Symbole, Bilder und Metaphern
Möwe und Leuchtturm (S. 16)
Beim Einzug in die Familie übergibt Arne als Gastgeschenk eine Möwe aus Walroßzahn „eine Heringsmöwe … offenbar in Verteidigungshaltung … wer sie nur ansah, hörte sie schreien“ (S. 16) und erhält von Hans Vater einen Leuchtturm als Gegengeschenk. Die Geschenke bezeichnen metaphorisch den Austausch, der auf der menschlichen Ebene vor sich geht: Hans Familie fliegt sozusagen ein Schützling zu, der zwar nie klagt, dessen Leid jedoch nicht zu übersehen ist. Arne dagegen erhält einen Leuchtturm, einen festen Halt.

Lateinisches Zitat (S. 68)
Arne übersetzt für Hans folgenden Satz aus dem Lateinischen: „So tragt ihr Wolle, o Schafe, nicht für euch / So macht ihr Honig, o Bienen, nicht für euch / So zieht ihr Pflüge, o Rinder, nicht für euch.“ (S. 68) Dieses Zitat bezeichnet symbolisch die Auswirkungen von Arnes Selbstmord. Ihm selbst wird dieser zwar zum tragischen Schicksal, seine Altersgenossen, stellvertretend verkörpert von Lars und Wiebke, scheint die Tat jedoch tief zu berühren. Beide gewinnen durch den nicht rückgängig zu machenden Vorfall eine neue Sensibilität und werden so in der Initiation zum Erwachsenen unterstützt. Auch Hans und seine Eltern werden emotional berührt durch die Tat zu einer Reflektion des Lebens selbst angeregt.

Krabbe, Stelzengänger und der durstige Vogel (S. 169)
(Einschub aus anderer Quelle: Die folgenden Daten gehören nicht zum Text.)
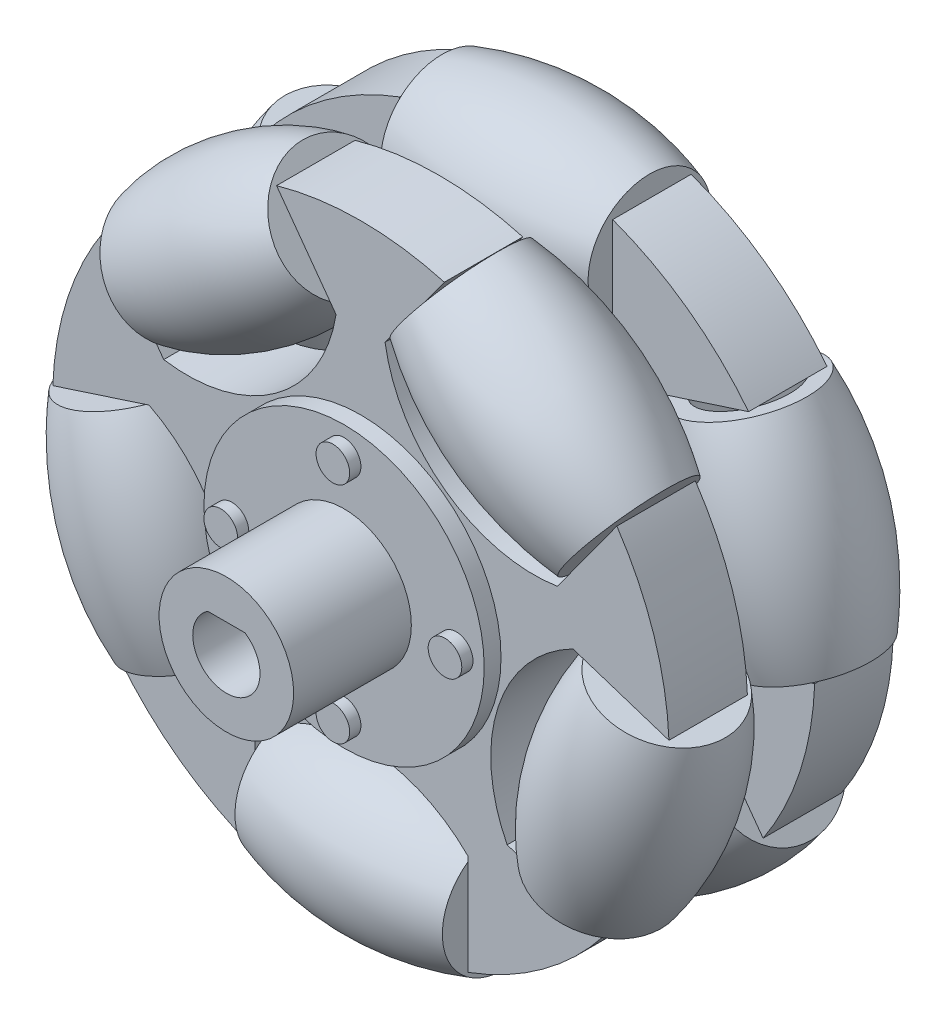
SolidWorks part; units mm, degrees
ref_plane "Front Plane" through (0, 0, 0) normal (0, 0, 1) x (1, 0, 0)
ref_plane "Top Plane" through (0, 0, 0) normal (0, 1, 0) x (1, 0, 0)
ref_plane "Right Plane" through (0, 0, 0) normal (1, 0, 0) x (0, 0, -1)
sketch "Sketch1" plane through (0, 0, 0) normal (0, 0, 1) x (1, 0, 0)
  line L0 (28.9984, -0.3039) -> (23.7817, -1.9989)
  line L2 (-9.25, 27.4852) -> (-9.25, 22)
  line L4 (9.25, 27.4852) -> (9.25, 22)
  line L5 (18.0648, 15.5956) -> (23.7817, -1.9989)
  line L6 (23.2816, 17.2907) -> (18.0648, 15.5956)
  line L7 (-9.25, 22) -> (9.25, 22)
  line L8 (8.672, -27.673) -> (5.4479, -23.2354)
  line L9 (20.4147, -12.3614) -> (5.4479, -23.2354)
  line L10 (23.6388, -16.799) -> (20.4147, -12.3614)
  line L11 (-23.6388, -16.799) -> (-20.4147, -12.3614)
  line L12 (-5.4479, -23.2354) -> (-20.4147, -12.3614)
  line L13 (-8.672, -27.673) -> (-5.4479, -23.2354)
  line L14 (-23.2816, 17.2907) -> (-18.0648, 15.5956)
  line L15 (-23.7817, -1.9989) -> (-18.0648, 15.5956)
  line L16 (-28.9984, -0.3039) -> (-23.7817, -1.9989)
  line L17 (-9.5378, 25.793) -> (-9.5378, 16.793)
  line L19 (9.4622, 16.793) -> (9.4622, 25.8208)
  line L20 (21.5833, 17.0414) -> (13.0238, 14.2603)
  line L22 (18.8951, -3.8098) -> (27.4811, -1.0201)
  line L23 (22.877, -15.2609) -> (17.5869, -7.9797)
  line L25 (2.2156, -19.1476) -> (7.522, -26.4513)
  line L26 (-7.4446, -26.4732) -> (-2.1545, -19.192)
  line L28 (-17.5258, -8.0241) -> (-22.8322, -15.3277)
  line L29 (-27.478, -1.1005) -> (-18.9185, -3.8816)
  line L31 (-13.0471, 14.1885) -> (-21.6331, 16.9782)
  circle A0 centre (0, 0) radius 29 construction
  arc A1 (-9.25, 27.4852) -> (9.25, 27.4852) centre (0, 0) cw
  arc A2 (23.2816, 17.2907) -> (28.9984, -0.3039) centre (0, 0) cw
  arc A3 (23.6388, -16.799) -> (8.672, -27.673) centre (0, 0) cw
  arc A4 (-8.672, -27.673) -> (-23.6388, -16.799) centre (0, 0) cw
  arc A5 (-28.9984, -0.3039) -> (-23.2816, 17.2907) centre (0, 0) cw
  circle A9 centre (0, 0) radius 27.5
  circle A10 centre (0, 0) radius 27.5 construction
  arc A11 (-21.6331, 16.9782) -> (-9.5378, 25.793) centre (0, 0) cw
  arc A12 (9.4622, 25.8208) -> (21.5833, 17.0414) centre (0, 0) cw
  arc A13 (27.4811, -1.0201) -> (22.877, -15.2609) centre (0, 0) cw
  arc A14 (-7.4446, -26.4732) -> (7.522, -26.4513) centre (0, 0) ccw
  arc A15 (-22.8322, -15.3277) -> (-27.478, -1.1005) centre (0, 0) cw
  arc A16 (-9.5378, 16.793) -> (9.4622, 16.793) centre (-0.0378, 26.293) ccw
  arc A17 (-13.0471, 14.1885) -> (-18.9185, -3.8816) centre (-25.0178, 8.0891) cw
  arc A18 (13.0238, 14.2603) -> (18.8951, -3.8098) centre (24.9945, 8.1609) ccw
  arc A19 (17.5869, -7.9797) -> (2.2156, -19.1476) centre (15.4852, -21.2493) ccw
  arc A20 (-2.1545, -19.192) -> (-17.5258, -8.0241) centre (-15.4241, -21.2937) ccw
  point P3 (0, 26.2962)
  point P28 (0, 0)
  point P53 (0, 0)
  dimension "D1" = 58
  dimension "D2" = 5
  dimension "D3" = 0
  dimension "D4" = 9
  dimension "D5" = 19
  dimension "D6" = 5
revolve "Revolve3" add sketch "Sketch1" angle 360 about L5 region at (26.3714, 8.5686, 0)
revolve "Revolve4" add sketch "Sketch1<6>" angle 360 about L7
sketch "Sketch1<6>" plane through (0, 0, 0) normal (0, 0, 1) x (1, 0, 0) same geometry as "Sketch1"
revolve "Revolve5" add sketch "Sketch1<7>" angle 360 about L15
sketch "Sketch1<7>" plane through (0, 0, 0) normal (0, 0, 1) x (1, 0, 0) same geometry as "Sketch1"
revolve "Revolve6" add sketch "Sketch1<8>" angle 360 about L12
sketch "Sketch1<8>" plane through (0, 0, 0) normal (0, 0, 1) x (1, 0, 0) same geometry as "Sketch1"
revolve "Revolve7" add sketch "Sketch1<9>" angle 360 about L9
sketch "Sketch1<9>" plane through (0, 0, 0) normal (0, 0, 1) x (1, 0, 0) same geometry as "Sketch1"
extrude "Boss-Extrude2" add sketch "Sketch1<10>" along normal mid plane 7 contours A20 L26 A9 L25 A19 L23 L22 A18 L20 L19 A16 L17 L31 A17 L29 L28 region at (0, 0, 0)
sketch "Sketch1<10>" plane through (0, 0, 0) normal (0, 0, 1) x (1, 0, 0) same geometry as "Sketch1"
ref_plane "Plane1" through (0, 0, 13) normal (0, 0, 1) x (1, 0, 0)
sketch "Sketch3" plane through (0, 0, 13) normal (0, 0, 1) x (1, 0, 0)
  line L0 (23.6388, 16.799) -> (20.4147, 12.3614)
  line L2 (-23.6388, 16.799) -> (-20.4147, 12.3614)
  line L4 (-8.672, 27.673) -> (-5.4479, 23.2354)
  line L5 (5.4479, 23.2354) -> (20.4147, 12.3614)
  line L6 (8.672, 27.673) -> (5.4479, 23.2354)
  line L7 (-20.4147, 12.3614) -> (-5.4479, 23.2354)
  line L8 (23.2816, -17.2907) -> (18.0648, -15.5956)
  line L9 (23.7817, 1.9989) -> (18.0648, -15.5956)
  line L10 (28.9984, 0.3039) -> (23.7817, 1.9989)
  line L11 (-9.25, -27.4852) -> (-9.25, -22)
  line L12 (9.25, -22) -> (-9.25, -22)
  line L13 (9.25, -27.4852) -> (9.25, -22)
  line L14 (-28.9984, 0.3039) -> (-23.7817, 1.9989)
  line L15 (-18.0648, -15.5956) -> (-23.7817, 1.9989)
  line L16 (-23.2816, -17.2907) -> (-18.0648, -15.5956)
  line L17 (-22.877, 15.2609) -> (-17.5869, 7.9797)
  line L19 (-2.2156, 19.1476) -> (-7.522, 26.4513)
  line L20 (7.4446, 26.4732) -> (2.1545, 19.192)
  line L22 (17.5258, 8.0241) -> (22.8322, 15.3277)
  line L23 (27.478, 1.1005) -> (18.9185, 3.8816)
  line L25 (13.0471, -14.1885) -> (21.6331, -16.9782)
  line L26 (9.5378, -25.793) -> (9.5378, -16.793)
  line L28 (-9.4622, -16.793) -> (-9.4622, -25.8208)
  line L29 (-21.5833, -17.0414) -> (-13.0238, -14.2603)
  line L31 (-18.8951, 3.8098) -> (-27.4811, 1.0201)
  circle A0 centre (0, 0) radius 29 construction
  arc A1 (-23.6388, 16.799) -> (-8.672, 27.673) centre (0, 0) cw
  arc A2 (8.672, 27.673) -> (23.6388, 16.799) centre (0, 0) cw
  arc A3 (28.9984, 0.3039) -> (23.2816, -17.2907) centre (0, 0) cw
  arc A4 (9.25, -27.4852) -> (-9.25, -27.4852) centre (0, 0) cw
  arc A5 (-23.2816, -17.2907) -> (-28.9984, 0.3039) centre (0, 0) cw
  circle A9 centre (0, 0) radius 27.5
  circle A10 centre (0, 0) radius 27.5 construction
  arc A11 (-27.4811, 1.0201) -> (-22.877, 15.2609) centre (0, 0) cw
  arc A12 (-7.522, 26.4513) -> (7.4446, 26.4732) centre (0, 0) cw
  arc A13 (22.8322, 15.3277) -> (27.478, 1.1005) centre (0, 0) cw
  arc A14 (9.5378, -25.793) -> (21.6331, -16.9782) centre (0, 0) ccw
  arc A15 (-9.4622, -25.8208) -> (-21.5833, -17.0414) centre (0, 0) cw
  arc A16 (-17.5869, 7.9797) -> (-2.2156, 19.1476) centre (-15.4852, 21.2493) ccw
  arc A17 (-18.8951, 3.8098) -> (-13.0238, -14.2603) centre (-24.9945, -8.1609) cw
  arc A18 (2.1545, 19.192) -> (17.5258, 8.0241) centre (15.4241, 21.2937) ccw
  arc A19 (18.9185, 3.8816) -> (13.0471, -14.1885) centre (25.0178, -8.0891) ccw
  arc A20 (9.5378, -16.793) -> (-9.4622, -16.793) centre (0.0378, -26.293) ccw
  circle A27 centre (0, 0) radius 12.5
  circle A28 centre (0, 0) radius 10 construction
  circle A29 centre (0, 10) radius 1.5
  circle A30 centre (0, 0) radius 10 construction
  circle A31 centre (10, 0) radius 1.5
  circle A32 centre (0, 0) radius 10 construction
  circle A33 centre (0, -10) radius 1.5
  circle A34 centre (0, 0) radius 10 construction
  circle A35 centre (-10, 0) radius 1.5
  point P3 (0, 21.2741)
  point P28 (0, 0)
  point P53 (0, 0)
  point P73 (0, 0)
  point P75 (0, 0)
  dimension "D1" = 58
  dimension "D2" = 5
  dimension "D7" = 25
  dimension "D8" = 20
  dimension "D10" = 4
  dimension "D9" = 3
  dimension "D3" = 0
  dimension "D4" = 9
  dimension "D5" = 19
  dimension "D6" = 5
extrude "Boss-Extrude5" add sketch "Sketch3" along normal mid plane 7 separate body contours L26 A20 L28 A15 L29 A17 L31 A11 L17 A16 L19 A12 L20 A18 L22 A13 L23 A19 L25 A14
revolve "Revolve14" add sketch "Sketch3<25>" angle 360 about L5
sketch "Sketch3<25>" plane through (0, 0, 13) normal (0, 0, 1) x (1, 0, 0) same geometry as "Sketch3"
revolve "Revolve15" add sketch "Sketch3<26>" angle 360 about L9
sketch "Sketch3<26>" plane through (0, 0, 13) normal (0, 0, 1) x (1, 0, 0) same geometry as "Sketch3"
revolve "Revolve16" add sketch "Sketch3<27>" angle 360 about L7
sketch "Sketch3<27>" plane through (0, 0, 13) normal (0, 0, 1) x (1, 0, 0) same geometry as "Sketch3"
revolve "Revolve17" add sketch "Sketch3<28>" angle 360 about L15
sketch "Sketch3<28>" plane through (0, 0, 13) normal (0, 0, 1) x (1, 0, 0) same geometry as "Sketch3"
revolve "Revolve18" add sketch "Sketch3<29>" angle 360 about L12
sketch "Sketch3<29>" plane through (0, 0, 13) normal (0, 0, 1) x (1, 0, 0) same geometry as "Sketch3"
extrude "Boss-Extrude6" add sketch "Sketch3<30>" along normal blind 5 and the other way blind 1 contours A27
sketch "Sketch3<30>" plane through (0, 0, 13) normal (0, 0, 1) x (1, 0, 0) same geometry as "Sketch3"
sketch "Sketch6" plane through (0, 0, -3.5) normal (0, 0, -1) x (-1, 0, 0)
  circle A0 centre (0, 0) radius 12.5
extrude "Cut-Extrude3" cut sketch "Sketch6" against normal blind 2 contours A0
sketch "Sketch9" plane through (0, 0, -1.5) normal (0, 0, -1) x (-1, 0, 0)
  line L3 (1.6583, 2.5) -> (-1.6583, 2.5)
  arc A0 (-1.6583, 2.5) -> (1.6583, 2.5) centre (0, 0) ccw
  dimension "D1" = 6
extrude "Boss-Extrude9" add sketch "Sketch3<33>" along normal blind 6 and the other way blind 16 contours A29 | A35 | A33 | A31
sketch "Sketch3<33>" plane through (0, 0, 13) normal (0, 0, 1) x (1, 0, 0) same geometry as "Sketch3"
sketch "Sketch10" plane through (0, 0, 16.5) normal (0, 0, 1) x (1, 0, 0)
  circle A0 centre (0, 0) radius 6
  dimension "D1" = 12
extrude "Boss-Extrude10" add sketch "Sketch10" along normal blind 12
extrude "Cut-Extrude4" cut sketch "Sketch9" against normal through all both and the other way through all contours A0 L3
sketch "Sketch11" plane through (0, 0, -1.5) normal (0, 0, -1) x (-1, 0, 0)
  circle A0 centre (0, 0) radius 6
  dimension "D1" = 12
extrude "Cut-Extrude5" cut sketch "Sketch11" against normal blind 15

Beim Bleigießen an Silvester gießen Hans, Hans Vater und Arne jeweils für sie bezeichnende Motive. Die Krabbe, die „wie zur Verteidigung ihre Scheren emporstreckte“ (S. 169) ist ein deutliches Bild für den von seinen Altersgenossen ständig angegriffenen, unverstandenen Arne. Hans Vater gießt einen „Stelzengänger“, der sich „schönere Standorte“ (S. 169) sucht: Scheinbar möchte auch er dem tristen Leben auf der Abwrackwerft und der Härte des Lebens am liebsten davonlaufen. Hans erhält einen „durstigen Vogel, der trinkt“ (S. 169). Dieses Bild könnte auf die Initiationsthematik des Romans verweisen: Im Gegensatz zu Arne, der sich dem Leben durch den Tod entzieht, trinkt Hans das Wasser des Lebens durstig in sich hinein. Er läuft seinen Gefühlen nicht davon, sondern stellt sich das ganze Romangeschehen über beobachtend und reflektierend der Realität.